All evaluated biomarkers were able to differentiate between healthy and degenerated cartilage in the trypsin digestion experiment, but only T₁ and AdiabT_1ρ were significantly correlated with the PG concentration in the digestion solution (p=0.004 and 0.0001, respectively). In the sequential digestion experiment, no significant differences were found for T₁ and AdiabT_1ρ values between PBS+Tris and PBS+30U col groups (p=0.627 and 0.877, respectively), but T₁ and AdiabT_1ρ values increased significantly in the tryp+Tris (p=0.031 and 0.024, respectively) and tryp+30U col groups (both p<0.0001). Significant decreases in MMF and MTR were found in the tryp+30U col group compared with the PBS+Tris group (p=0.002 and 0.001, respectively).

Conclusion:

AdiabT_1ρ and T₁ have the potential for detecting PG loss, while MMF and MTR are promising for the detection of collagen degradation in articular cartilage, which could all facilitate earlier, non-invasive diagnosis of osteoarthritis.

Introduction

Osteoarthritis (OA), one of the most common joint diseases of the musculoskeletal system, is a multifactorial disease characterized primarily by degeneration and loss of hyaline articular cartilage [1]. Hyaline articular cartilage is a dense connective tissue composed of chondrocytes and an extracellular matrix (ECM) that includes water, a collagen fibril network, and proteoglycan (PG) aggregates [2]. The onset of OA is associated mainly with biochemical alterations in the cartilage, with the PG loss in articular cartilage hypothesized to be an initiating factor [3, 4]. During these early stages of OA, collagen quantity has not been shown to be severely affected [3, 5]. While PG loss can be reversed [6, 7], it has been suggested that breakdown of the collagen framework during later stages of the disease marks the point of no return in OA progression [8]. Noninvasive detection of PG loss and collagen degradation by imaging would help early-stage diagnosis [9], making timely treatment of the disease while it is still reversible a clinical possibility.

Unfortunately, the most widely used imaging modality in clinical practice for the evaluation of OA is plain radiography which can only depict the gross osseous changes and narrowing of joint space that occur in the late stages of OA [10]. While conventional magnetic resonance imaging (MRI) allows for better evaluation of morphological changes in cartilage with high tissue contrast, it still has some limitations.

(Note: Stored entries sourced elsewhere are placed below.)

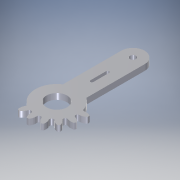
# Autodesk Inventor part: gear2
Saved by Autodesk Inventor 2016 (Build 200138000, 138)
## iProperties
Created: 2016-01-08
Part Number: gear2
Material: ABS Plastic
Document SubType Name: Modeling
Designer: Nanjar
Density: 1.06 g/cm^3
Appearance: Cool White
Author: Nanjar
Autodesk Inventor part; units mm, degrees
ref_plane "YZ Plane" through (0, 0, 0) normal (1, 0, 0) x (0, 1, 0)
ref_plane "XZ Plane" through (0, 0, 0) normal (0, 1, 0) x (-1, 0, 0)
ref_plane "XY Plane" through (0, 0, 0) normal (0, 0, 1) x (1, 0, 0)
sketch "Sketch1" plane through (0, 0, 0) normal (0, 0, 1) x (1, 0, 0)
  spline S0 degree 3 poles (-2.5287, 14.6585) (-2.4489, 14.5734) (-2.2893, 14.4032) (-2.065, 14.1344) (-1.8531, 13.8558) (-1.6566, 13.5661) (-1.4774, 13.2654) (-1.3455, 13.005) (-1.2531, 12.7907) (-1.1921, 12.6267) (-1.1387, 12.4598) (-1.1174, 12.3451) (-1.1067, 12.2878) knots 0 0 0 0 0.125009 0.250019 0.375028 0.500033 0.625034 0.750027 0.812532 0.875036 0.937535 1 1 1 1
  spline S1 degree 3 poles (-1.1067, 12.2878) (-1.1013, 12.2054) (-1.0933, 12.0819) (-1.0684, 11.9187) (-1.0411, 11.798) (-1.0079, 11.6787) (-0.9637, 11.563) (-0.9123, 11.4503) (-0.8487, 11.3439) (-0.7743, 11.2448) (-0.6883, 11.1554) (-0.5911, 11.0782) (-0.484, 11.0154) (-0.3687, 10.9696) (-0.2475, 10.9418) (-0.1236, 10.9357) (0, 10.9384) (0.1236, 10.9357) (0.2475, 10.9418) (0.3687, 10.9696) (0.484, 11.0154) (0.5911, 11.0782) (0.6883, 11.1554) (0.7743, 11.2448) (0.8487, 11.3439) (0.9123, 11.4503) (0.9637, 11.563) (1.0079, 11.6787) (1.0411, 11.798) (1.0684, 11.9187) (1.0933, 12.0819) (1.1013, 12.2054) (1.1067, 12.2878) knots 0 0 0 0 0.062498 0.093754 0.125008 0.156267 0.187517 0.21877 0.250029 0.281282 0.312529 0.343776 0.37503 0.406277 0.437515 0.468744 0.5 0.531256 0.562485 0.593723 0.62497 0.656224 0.687471 0.718718 0.749971 0.78123 0.812483 0.843733 0.874992 0.906246 0.937502 1 1 1 1
  spline S2 degree 3 poles (1.1067, 12.2878) (1.1174, 12.3451) (1.1387, 12.4598) (1.1921, 12.6267) (1.2531, 12.7907) (1.3455, 13.005) (1.4774, 13.2654) (1.6566, 13.5661) (1.8531, 13.8558) (2.065, 14.1344) (2.2893, 14.4032) (2.4489, 14.5734) (2.5287, 14.6585) knots 0 0 0 0 0.062465 0.124964 0.187468 0.249973 0.374966 0.499967 0.624972 0.749981 0.874991 1 1 1 1
  circle A0 centre (0, 0) radius 10.9375 construction
  circle A1 centre (0, 0) radius 12.3335 construction
  circle A2 centre (0, 0) radius 13.125 construction
  circle A3 centre (0, 0) radius 14.875
  point P0 (-2.2918, 14.401)
  point P1 (-2.0671, 14.1328)
  point P2 (-1.8557, 13.854)
  point P3 (-1.6594, 13.5643)
  point P4 (-1.4809, 13.2634)
  point P5 (-1.3235, 12.951)
  point P6 (-1.2545, 12.7902)
  point P7 (-1.1934, 12.6263)
  point P8 (-1.1423, 12.459)
  point P9 (-1.0859, 12.0413)
  point P10 (-1.067, 11.919)
  point P11 (-1.0402, 11.7982)
  point P12 (-1.0061, 11.6793)
  point P13 (-0.9625, 11.5635)
  point P14 (-0.9103, 11.4514)
  point P15 (-0.8469, 11.3451)
  point P16 (-0.7723, 11.2464)
  point P17 (-0.6864, 11.1574)
  point P18 (-0.5895, 11.0806)
  point P19 (-0.4826, 11.0182)
  point P20 (-0.3677, 10.9726)
  point P21 (-0.2471, 10.9455)
  point P22 (-0.1237, 10.9372)
  point P23 (0, 10.9375)
  point P24 (0.1237, 10.9372)
  point P25 (0.2471, 10.9455)
  point P26 (0.3677, 10.9726)
  point P27 (0.4826, 11.0182)
  point P28 (0.5895, 11.0806)
  point P29 (0.6864, 11.1574)
  point P30 (0.7723, 11.2464)
  point P31 (0.8469, 11.3451)
  point P32 (0.9103, 11.4514)
  point P33 (0.9625, 11.5635)
  point P34 (1.0061, 11.6793)
  point P35 (1.0402, 11.7982)
  point P36 (1.067, 11.919)
  point P37 (1.0859, 12.0413)
  point P38 (1.1423, 12.459)
  point P39 (1.1934, 12.6263)
  point P40 (1.2545, 12.7902)
  point P41 (1.3235, 12.951)
  point P42 (1.4809, 13.2634)
  point P43 (1.6594, 13.5643)
  point P44 (1.8557, 13.854)
  point P45 (2.0671, 14.1328)
  point P46 (2.2918, 14.401)
  constraints: 4 centre point, 2 point on circle, 109 other
extrude "Extrusion1" add sketch "Sketch1" against normal blind 3
extrude "Extrusion2" cut sketch "Sketch1" against normal through all contours A3 S2 S1 S0 picked at (0.2594, 13.5811)
fillet "Fillet1" radius 0.2 2 edges at (-2.5287, 14.6585, -1.5) (2.5287, 14.6585, -1.5)
pattern_circular "Circular Pattern1" count 15 over 360 about axis through (0, 0, 0) along (0, 0, -1) of "Fillet1", "Extrusion2"
sketch "Sketch9" plane through (0, 0, 0) normal (0, 1, 0) x (-1, 0, 0)
  line L0 (-6, -3) -> (6, -3)
  line L1 (6, -3) -> (6, 0)
  line L2 (6, 0) -> (-6, 0)
  line L3 (-6, 0) -> (-6, -3)
  line L4 (-6, -3) -> (6, 0) construction
  line L5 (6, -3) -> (-6, 0) construction
  line L6 (0, 0) -> (0, -1.5) construction
  point P0 (0, 0)
  dimension "d38" = 3
  dimension "d70" = 12
  constraints: 14 end point, 2 midpoint, 2 parallel, 1 coincident, 1 horizontal, 1 perpendicular
  measures "d38" distance of L1.end L0.end
  measures "d70" distance of L0.start L0.end
extrude "Extrusion8" add sketch "Sketch9" along normal blind 45
sketch "Sketch10" plane through (0, 0, 0) normal (0, 0, 1) x (1, 0, 0)
  circle A0 centre (0, 0) radius 5.25
  dimension "d41" = 10.5
  constraints: 1 centre point, 1 coincident
  measures "d41" diameter of A0
extrude "Extrusion9" cut sketch "Sketch10" against normal through all
fillet "Fillet8" radius 6 2 edges at (6, 45, -1.5) (-6, 45, -1.5)
sketch "Sketch15" plane through (0, 0, 0) normal (0, 0, 1) x (1, 0, 0)
  arc A0 (0.75, 26) -> (-0.75, 26) centre (0, 26) ccw
  arc A1 (-0.75, 18) -> (0.75, 18) centre (0, 18) ccw
  line L0 (0.75, 18) -> (0.75, 26)
  line L1 (-0.75, 18) -> (-0.75, 26)
  line L2 (0, 18) -> (0, 26) construction
  line L3 (0, 26) -> (-0.75, 26) construction
  point P0 (0, 0)
  dimension "d62" = 1.5
  dimension "d68" = 18
  dimension "d69" = 8
  constraints: 8 end point, 4 point on circle, 2 centre point, 2 vertical, 1 horizontal, 1 parallel
  measures "d62" diameter of A0
  measures "d68" distance of point (0, 0) L2.start
  measures "d69" distance of L2.start L2.end
extrude "Extrusion14" cut sketch "Sketch15" against normal through all
sketch "Sketch16" plane through (0, 0, 0) normal (0, 0, 1) x (1, 0, 0)
  arc A0 (10.402, 3.3798) -> (6, 9.1446) centre (0, 0) ccw
  line L0 (10.3806, 3.4449) -> (10.423, 3.3146) construction
  line L1 (10.402, 3.3798) -> (18.2597, 5.9329)
  line L2 (18.2597, 5.9329) -> (6, 14.4301)
  line L3 (6, 14.4301) -> (6, 9.1446)
  constraints: 8 end point, 3 point on circle, 1 centre point, 1 coincident, 1 perpendicular, 4 other
extrude "Extrusion15" cut sketch "Sketch16" against normal through all
sketch "Sketch17" plane through (0, 0, 0) normal (0, 0, 1) x (1, 0, 0)
  arc A0 (-6, 9.1446) -> (-6.4841, -8.808) centre (0, 0) ccw
  line L0 (-6.4841, -8.808) -> (-9.4042, -12.7746)
  line L1 (-15.1585, -5.0542) -> (-16.2175, -0.6874)
  line L2 (-15.1585, 5.7421) -> (-11.6769, 12.0563)
  line L3 (-6, 10.7584) -> (-6, 39) projected
  line L4 (-6, 13.433) -> (-11.6769, 12.0563)
  line L5 (-15.1585, 5.7421) -> (-16.2175, -0.6874)
  line L6 (-15.1585, -5.0542) -> (-9.4042, -12.7746)
  line L7 (-6, 13.433) -> (-6, 9.1446)
  constraints: 14 end point, 2 coincident, 2 point on circle, 1 centre point, 1 collinear, 1 perpendicular, 1 point on line, 4 other
extrude "Extrusion16" cut sketch "Sketch17" against normal through all
sketch "Sketch18" plane through (0, 0, 0) normal (0, 0, 1) x (1, 0, 0)
  arc A0 (6, 39) -> (-6, 39) centre (0, 39) ccw projected
  circle A1 centre (0, 39) radius 1.5
  point P0 (0, 0)
  dimension "d75" = 3
  constraints: 1 centre point, 1 coincident
  measures "d75" diameter of A1
extrude "Extrusion17" cut sketch "Sketch18" against normal through all
equation "\"d0\" = FaceWidth"
equation "\"Module\" = 1.75"
equation "\"PressureAngle\" = 20deg"
equation "\"UnitProfileClearance\" = 0.25"
equation "\"UnitRoundRadius\" = 0.35"
equation "\"HeadDiameter\" = 29.75"
equation "\"RootDiameter\" = 21.875"
equation "\"BaseDiameter\" = 24.66693"
equation "\"PitchDiameter\" = 26.25"
equation "\"FaceWidth\" = 3"
equation "\"HelixAngle\" = 0"
equation "\"UnitCorrection\" = 0"
equation "\"UnitAddendumModification\" = 0"
equation "\"CircularPitch\" = 5.497787"
equation "\"UnitBacklashShift\" = 0"
equation "\"TotalToolShift\" = 0"
equation "\"IsInternal\" = 0"
body "Solid1"

Articular cartilage, especially the deep radial and calcified layers, contains a significant amount of components with short T₂ relaxation times (<10 milliseconds), where the signal decays so quickly that little or no signal can be detected with conventional MRI sequences [11]. Previous studies have shown that quantitative MRI techniques based on Cartesian k-space trajectories with echo times (TEs) of several to tens of milliseconds, including T₁-, T₂-, and magnetization transfer (MT)-weighted imaging, are inconclusive in detecting early-stage changes in OA [12, 13]. Some ex vivo studies have indicated that T_1ρ may increase with PG loss and that T₂* may increase with collagen degradation [5, 14-17], but these studies were performed on high-field MR scanners, namely 9.4T and 4.0T, which are not typically used for human studies.

Three-dimensional ultrashort echo time (3D UTE) MRI sequences with TEs on the order of 10 microseconds allow for direct volumetric imaging and quantitative assessment of cartilage, including the deep layers, on clinical MR scanners [18-20]. In addition, a series of quantitative UTE MRI techniques has been developed, including actual flip angle imaging for T₁ mapping, fat-suppressed multi-echo T₂* mapping, adiabatic T_1ρ (AdiabT_1ρ), magnetization transfer (MT) imaging for magnetization transfer ratio (MTR), and modeling of macromolecular proton fraction (MMF) [21-25]. However, the capability of these UTE-based quantitative biomarkers in evaluating PG loss and collagen degradation in cartilage has not yet been systematically assessed.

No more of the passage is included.